Gradually the provincial radio DJ began to play more sedate,
melancholic music as the extent of the Al Queda attack on the Twin Towers in
New York emerged. The news then came in
that a second aircraft had followed, which began to ring alarm bells. He decided to forego the promised over time
he had booked in to get home and watch the news on television as it came
in. His co-workers sneered at him for
being so earnest as he left but he was excited by the news; it seemed like
something important was happening.
When he got home the television were pictures looked
apocalyptic, huge plumes of heavy dust laden smoke stretching up into the sky. It was surreal. He felt enthusiastic about engaging with the
drama unfolding; they’d even managed to hit the Pentagon. Even though it was happening in a land far,
far away he knew enough to know that the repercussions and went to bed that
night a little drunk and half suspecting that the United States would drop a
nuclear bomb somewhere that night.
The terrorist plan had been ingenious. Their approach to death was chillingly practical. Fly a plane into a building and kill three
thousand people. Their fatal commitment
to religion lethally more so.
A new war had
seemingly begun but it still seemed remote.
The newspapers, television commentators and politicians all seemed to
stress the great severity of what had happened.
World leaders expressed condemnation and promised vengeance but as time
marched on it started to ring a little hollow; there would be no turning point
just a slow, bloody pursuit of those responsible that would in the process
claim the lives of many innocent people until Western pride could be restored.
The same leaders conspired to use the whole affair as a
shameless opportunity to preach fear and remove the odd dictator or two for
economic gain until nobody – except the devout, insane and blindly patriotic -
quite knew which side of good and bad they lived on.
Edward Sun found himself living in a strange world.
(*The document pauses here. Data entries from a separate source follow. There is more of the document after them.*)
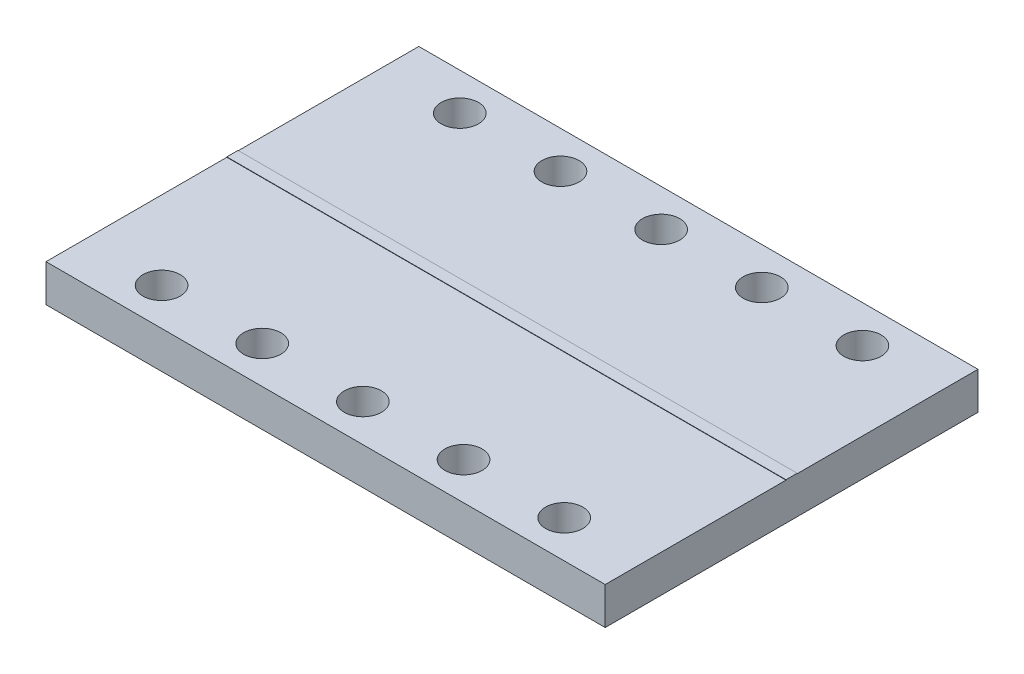
ISO-10303-21;
HEADER;
FILE_DESCRIPTION(('STEP AP214'),'2;1');
FILE_NAME('part.step','',(''),(''),'','','');
FILE_SCHEMA(('AUTOMOTIVE_DESIGN { 1 0 10303 214 1 1 1 1 }'));
ENDSEC;
DATA;
#1=APPLICATION_CONTEXT('core data for automotive mechanical design processes');
#2=APPLICATION_PROTOCOL_DEFINITION('international standard','automotive_design',2000,#1);
#3=PRODUCT_CONTEXT('',#1,'mechanical');
#4=PRODUCT('Part','Part','',(#3));
#5=PRODUCT_RELATED_PRODUCT_CATEGORY('part','',(#4));
#6=PRODUCT_DEFINITION_FORMATION('','',#4);
#7=PRODUCT_DEFINITION_CONTEXT('part definition',#1,'design');
#8=PRODUCT_DEFINITION('design','',#6,#7);
#9=PRODUCT_DEFINITION_SHAPE('','',#8);
#10=(LENGTH_UNIT() NAMED_UNIT(*) SI_UNIT(.MILLI.,.METRE.));
#11=(NAMED_UNIT(*) PLANE_ANGLE_UNIT() SI_UNIT($,.RADIAN.));
#12=(NAMED_UNIT(*) SI_UNIT($,.STERADIAN.) SOLID_ANGLE_UNIT());
#13=UNCERTAINTY_MEASURE_WITH_UNIT(LENGTH_MEASURE(1.E-05),#10,'distance_accuracy_value','');
#14=(GEOMETRIC_REPRESENTATION_CONTEXT(3) GLOBAL_UNCERTAINTY_ASSIGNED_CONTEXT((#13)) GLOBAL_UNIT_ASSIGNED_CONTEXT((#10,
#11,#12)) REPRESENTATION_CONTEXT('',''));
#15=CARTESIAN_POINT('',(0.,0.,0.));
#16=DIRECTION('',(0.,0.,1.));
#17=DIRECTION('',(1.,0.,0.));
#18=AXIS2_PLACEMENT_3D('',#15,#16,#17);
#19=CARTESIAN_POINT('',(0.,100.,0.));
#20=DIRECTION('',(0.,-1.,0.));
#21=DIRECTION('',(0.,0.,-1.));
#22=AXIS2_PLACEMENT_3D('',#19,#20,#21);
#23=PLANE('',#22);
#24=CARTESIAN_POINT('',(540.,100.,400.));
#25=DIRECTION('',(0.,1.,0.));
#26=DIRECTION('',(0.,0.,1.));
#27=AXIS2_PLACEMENT_3D('',#24,#25,#26);
#28=CIRCLE('',#27,50.);
#29=CARTESIAN_POINT('',(540.,100.,450.));
#30=VERTEX_POINT('',#29);
#31=EDGE_CURVE('E180',#30,#30,#28,.T.);
#32=ORIENTED_EDGE('',*,*,#31,.F.);
#33=EDGE_LOOP('',(#32));
#34=FACE_BOUND('',#33,.T.);
#35=CARTESIAN_POINT('',(270.,100.,400.));
#36=DIRECTION('',(0.,1.,0.));
#37=DIRECTION('',(0.,0.,1.));
#38=AXIS2_PLACEMENT_3D('',#35,#36,#37);
#39=CIRCLE('',#38,50.);
#40=CARTESIAN_POINT('',(270.,100.,450.));
#41=VERTEX_POINT('',#40);
#42=EDGE_CURVE('E188',#41,#41,#39,.T.);
#43=ORIENTED_EDGE('',*,*,#42,.F.);
#44=EDGE_LOOP('',(#43));
#45=FACE_BOUND('',#44,.T.);
#46=CARTESIAN_POINT('',(0.,100.,400.));
#47=DIRECTION('',(0.,1.,0.));
#48=DIRECTION('',(0.,0.,1.));
#49=AXIS2_PLACEMENT_3D('',#46,#47,#48);
#50=CIRCLE('',#49,50.);
#51=CARTESIAN_POINT('',(0.,100.,450.));
#52=VERTEX_POINT('',#51);
#53=EDGE_CURVE('E196',#52,#52,#50,.T.);
#54=ORIENTED_EDGE('',*,*,#53,.F.);
#55=EDGE_LOOP('',(#54));
#56=FACE_BOUND('',#55,.T.);
#57=CARTESIAN_POINT('',(-270.,100.,400.));
#58=DIRECTION('',(0.,1.,0.));
#59=DIRECTION('',(0.,0.,1.));
#60=AXIS2_PLACEMENT_3D('',#57,#58,#59);
#61=CIRCLE('',#60,50.);
#62=CARTESIAN_POINT('',(-270.,100.,450.));
#63=VERTEX_POINT('',#62);
#64=EDGE_CURVE('E204',#63,#63,#61,.T.);
#65=ORIENTED_EDGE('',*,*,#64,.F.);
#66=EDGE_LOOP('',(#65));
#67=FACE_BOUND('',#66,.T.);
#68=CARTESIAN_POINT('',(-540.,100.,400.));
#69=DIRECTION('',(0.,1.,0.));
#70=DIRECTION('',(0.,0.,1.));
#71=AXIS2_PLACEMENT_3D('',#68,#69,#70);
#72=CIRCLE('',#71,50.);
#73=CARTESIAN_POINT('',(-540.,100.,450.));
#74=VERTEX_POINT('',#73);
#75=EDGE_CURVE('E212',#74,#74,#72,.T.);
#76=ORIENTED_EDGE('',*,*,#75,.F.);
#77=EDGE_LOOP('',(#76));
#78=FACE_BOUND('',#77,.T.);
#79=DIRECTION('',(1.,0.,0.));
#80=VECTOR('',#79,1.);
#81=CARTESIAN_POINT('',(750.,100.,14.9999999999998));
#82=LINE('',#81,#80);
#83=CARTESIAN_POINT('',(-750.,100.,14.9999999999999));
#84=VERTEX_POINT('',#83);
#85=CARTESIAN_POINT('',(750.,100.,14.9999999999999));
#86=VERTEX_POINT('',#85);
#87=EDGE_CURVE('E57',#84,#86,#82,.T.);
#88=ORIENTED_EDGE('',*,*,#87,.F.);
#89=DIRECTION('',(0.,0.,1.));
#90=VECTOR('',#89,1.);
#91=CARTESIAN_POINT('',(-750.,100.,500.));
#92=LINE('',#91,#90);
#93=CARTESIAN_POINT('',(-750.,100.,500.));
#94=VERTEX_POINT('',#93);
#95=EDGE_CURVE('E131',#84,#94,#92,.T.);
#96=ORIENTED_EDGE('',*,*,#95,.T.);
#97=DIRECTION('',(1.,0.,0.));
#98=VECTOR('',#97,1.);
#99=CARTESIAN_POINT('',(-750.,100.,500.));
#100=LINE('',#99,#98);
#101=CARTESIAN_POINT('',(750.,100.,500.));
#102=VERTEX_POINT('',#101);
#103=EDGE_CURVE('E230',#94,#102,#100,.T.);
#104=ORIENTED_EDGE('',*,*,#103,.T.);
#105=DIRECTION('',(0.,0.,-1.));
#106=VECTOR('',#105,1.);
#107=CARTESIAN_POINT('',(750.,100.,500.));
#108=LINE('',#107,#106);
#109=EDGE_CURVE('E220',#102,#86,#108,.T.);
#110=ORIENTED_EDGE('',*,*,#109,.T.);
#111=EDGE_LOOP('',(#88,#96,#104,#110));
#112=FACE_BOUND('',#111,.T.);
#113=ADVANCED_FACE('F41',(#34,#45,#56,#67,#78,#112),#23,.F.);
#114=CARTESIAN_POINT('',(-540.000000000003,100.,-400.));
#115=DIRECTION('',(0.,1.,0.));
#116=DIRECTION('',(0.,0.,1.));
#117=AXIS2_PLACEMENT_3D('',#114,#115,#116);
#118=CIRCLE('',#117,50.);
#119=CARTESIAN_POINT('',(-540.000000000003,100.,-350.));
#120=VERTEX_POINT('',#119);
#121=EDGE_CURVE('E138',#120,#120,#118,.T.);
#122=ORIENTED_EDGE('',*,*,#121,.F.);
#123=EDGE_LOOP('',(#122));
#124=FACE_BOUND('',#123,.T.);
#125=CARTESIAN_POINT('',(539.999999999997,100.,-400.));
#126=DIRECTION('',(0.,1.,0.));
#127=DIRECTION('',(0.,0.,1.));
#128=AXIS2_PLACEMENT_3D('',#125,#126,#127);
#129=CIRCLE('',#128,50.);
#130=CARTESIAN_POINT('',(539.999999999997,100.,-350.));
#131=VERTEX_POINT('',#130);
#132=EDGE_CURVE('E148',#131,#131,#129,.T.);
#133=ORIENTED_EDGE('',*,*,#132,.F.);
#134=EDGE_LOOP('',(#133));
#135=FACE_BOUND('',#134,.T.);
#136=CARTESIAN_POINT('',(269.999999999997,100.,-400.));
#137=DIRECTION('',(0.,1.,0.));
#138=DIRECTION('',(0.,0.,1.));
#139=AXIS2_PLACEMENT_3D('',#136,#137,#138);
#140=CIRCLE('',#139,50.);
#141=CARTESIAN_POINT('',(269.999999999997,100.,-350.));
#142=VERTEX_POINT('',#141);
#143=EDGE_CURVE('E156',#142,#142,#140,.T.);
#144=ORIENTED_EDGE('',*,*,#143,.F.);
#145=EDGE_LOOP('',(#144));
#146=FACE_BOUND('',#145,.T.);
#147=CARTESIAN_POINT('',(-2.77555756156289E-12,100.,-400.));
#148=DIRECTION('',(0.,1.,0.));
#149=DIRECTION('',(0.,0.,1.));
#150=AXIS2_PLACEMENT_3D('',#147,#148,#149);
#151=CIRCLE('',#150,50.);
#152=CARTESIAN_POINT('',(-2.77555756156289E-12,100.,-350.));
#153=VERTEX_POINT('',#152);
#154=EDGE_CURVE('E164',#153,#153,#151,.T.);
#155=ORIENTED_EDGE('',*,*,#154,.F.);
#156=EDGE_LOOP('',(#155));
#157=FACE_BOUND('',#156,.T.);
#158=CARTESIAN_POINT('',(-270.000000000003,100.,-400.));
#159=DIRECTION('',(0.,1.,0.));
#160=DIRECTION('',(0.,0.,1.));
#161=AXIS2_PLACEMENT_3D('',#158,#159,#160);
#162=CIRCLE('',#161,50.);
#163=CARTESIAN_POINT('',(-270.000000000003,100.,-350.));
#164=VERTEX_POINT('',#163);
#165=EDGE_CURVE('E172',#164,#164,#162,.T.);
#166=ORIENTED_EDGE('',*,*,#165,.F.);
#167=EDGE_LOOP('',(#166));
#168=FACE_BOUND('',#167,.T.);
#169=DIRECTION('',(-1.,0.,0.));
#170=VECTOR('',#169,1.);
#171=CARTESIAN_POINT('',(-750.,100.,-15.));
#172=LINE('',#171,#170);
#173=CARTESIAN_POINT('',(750.,100.,-15.));
#174=VERTEX_POINT('',#173);
#175=CARTESIAN_POINT('',(-750.,100.,-15.));
#176=VERTEX_POINT('',#175);
#177=EDGE_CURVE('E65',#174,#176,#172,.T.);
#178=ORIENTED_EDGE('',*,*,#177,.F.);
#179=CARTESIAN_POINT('',(750.,100.,-500.));
#180=VERTEX_POINT('',#179);
#181=EDGE_CURVE('E224',#174,#180,#108,.T.);
#182=ORIENTED_EDGE('',*,*,#181,.T.);
#183=DIRECTION('',(-1.,0.,0.));
#184=VECTOR('',#183,1.);
#185=CARTESIAN_POINT('',(-750.,100.,-500.));
#186=LINE('',#185,#184);
#187=CARTESIAN_POINT('',(-750.,100.,-500.));
#188=VERTEX_POINT('',#187);
#189=EDGE_CURVE('E223',#180,#188,#186,.T.);
#190=ORIENTED_EDGE('',*,*,#189,.T.);
#191=EDGE_CURVE('E227',#188,#176,#92,.T.);
#192=ORIENTED_EDGE('',*,*,#191,.T.);
#193=EDGE_LOOP('',(#178,#182,#190,#192));
#194=FACE_BOUND('',#193,.T.);
#195=ADVANCED_FACE('F287',(#124,#135,#146,#157,#168,#194),#23,.F.);
#196=CARTESIAN_POINT('',(0.,0.,0.));
#197=DIRECTION('',(0.,-1.,0.));
#198=DIRECTION('',(0.,0.,-1.));
#199=AXIS2_PLACEMENT_3D('',#196,#197,#198);
#200=PLANE('',#199);
#201=CARTESIAN_POINT('',(539.999999999997,0.,-400.));
#202=DIRECTION('',(0.,1.,0.));
#203=DIRECTION('',(0.,0.,1.));
#204=AXIS2_PLACEMENT_3D('',#201,#202,#203);
#205=CIRCLE('',#204,50.);
#206=CARTESIAN_POINT('',(539.999999999997,0.,-350.));
#207=VERTEX_POINT('',#206);
#208=EDGE_CURVE('E146',#207,#207,#205,.T.);
#209=ORIENTED_EDGE('',*,*,#208,.T.);
#210=EDGE_LOOP('',(#209));
#211=FACE_BOUND('',#210,.T.);
#212=CARTESIAN_POINT('',(-2.77555756156289E-12,0.,-400.));
#213=DIRECTION('',(0.,1.,0.));
#214=DIRECTION('',(0.,0.,1.));
#215=AXIS2_PLACEMENT_3D('',#212,#213,#214);
#216=CIRCLE('',#215,50.);
#217=CARTESIAN_POINT('',(-2.77555756156289E-12,0.,-350.));
#218=VERTEX_POINT('',#217);
#219=EDGE_CURVE('E160',#218,#218,#216,.T.);
#220=ORIENTED_EDGE('',*,*,#219,.T.);
#221=EDGE_LOOP('',(#220));
#222=FACE_BOUND('',#221,.T.);
#223=CARTESIAN_POINT('',(540.,0.,400.));
#224=DIRECTION('',(0.,1.,0.));
#225=DIRECTION('',(0.,0.,1.));
#226=AXIS2_PLACEMENT_3D('',#223,#224,#225);
#227=CIRCLE('',#226,50.);
#228=CARTESIAN_POINT('',(540.,0.,450.));
#229=VERTEX_POINT('',#228);
#230=EDGE_CURVE('E176',#229,#229,#227,.T.);
#231=ORIENTED_EDGE('',*,*,#230,.T.);
#232=EDGE_LOOP('',(#231));
#233=FACE_BOUND('',#232,.T.);
#234=CARTESIAN_POINT('',(0.,0.,400.));
#235=DIRECTION('',(0.,1.,0.));
#236=DIRECTION('',(0.,0.,1.));
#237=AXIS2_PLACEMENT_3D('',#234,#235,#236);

He had grown to become awkwardly gregarious
by nature, serious and intellectual.
Hugely driven but with a capacity for self-destructive idiocy; he
sneered at his peer’s sense of fun, particularly in pleasure derived from
creative pursuit other than that that he derived from his own inexplicable
global view. He thought that tortured
artists were self-indulgent but justified his own self-indulgences as a
necessary part of his creative process. His
deep introspection led him to troubling guilt over the contradictions in his
high self-minded value system.
It was a gamble. If he
delivered, it would all be worthwhile.
If he didn’t then he’d be a
fraud, a failure or dead. There was no
rational line of mediation between the two.
The battle lines were drawn indelibly in his psychology.
One man and his guitar can change the world.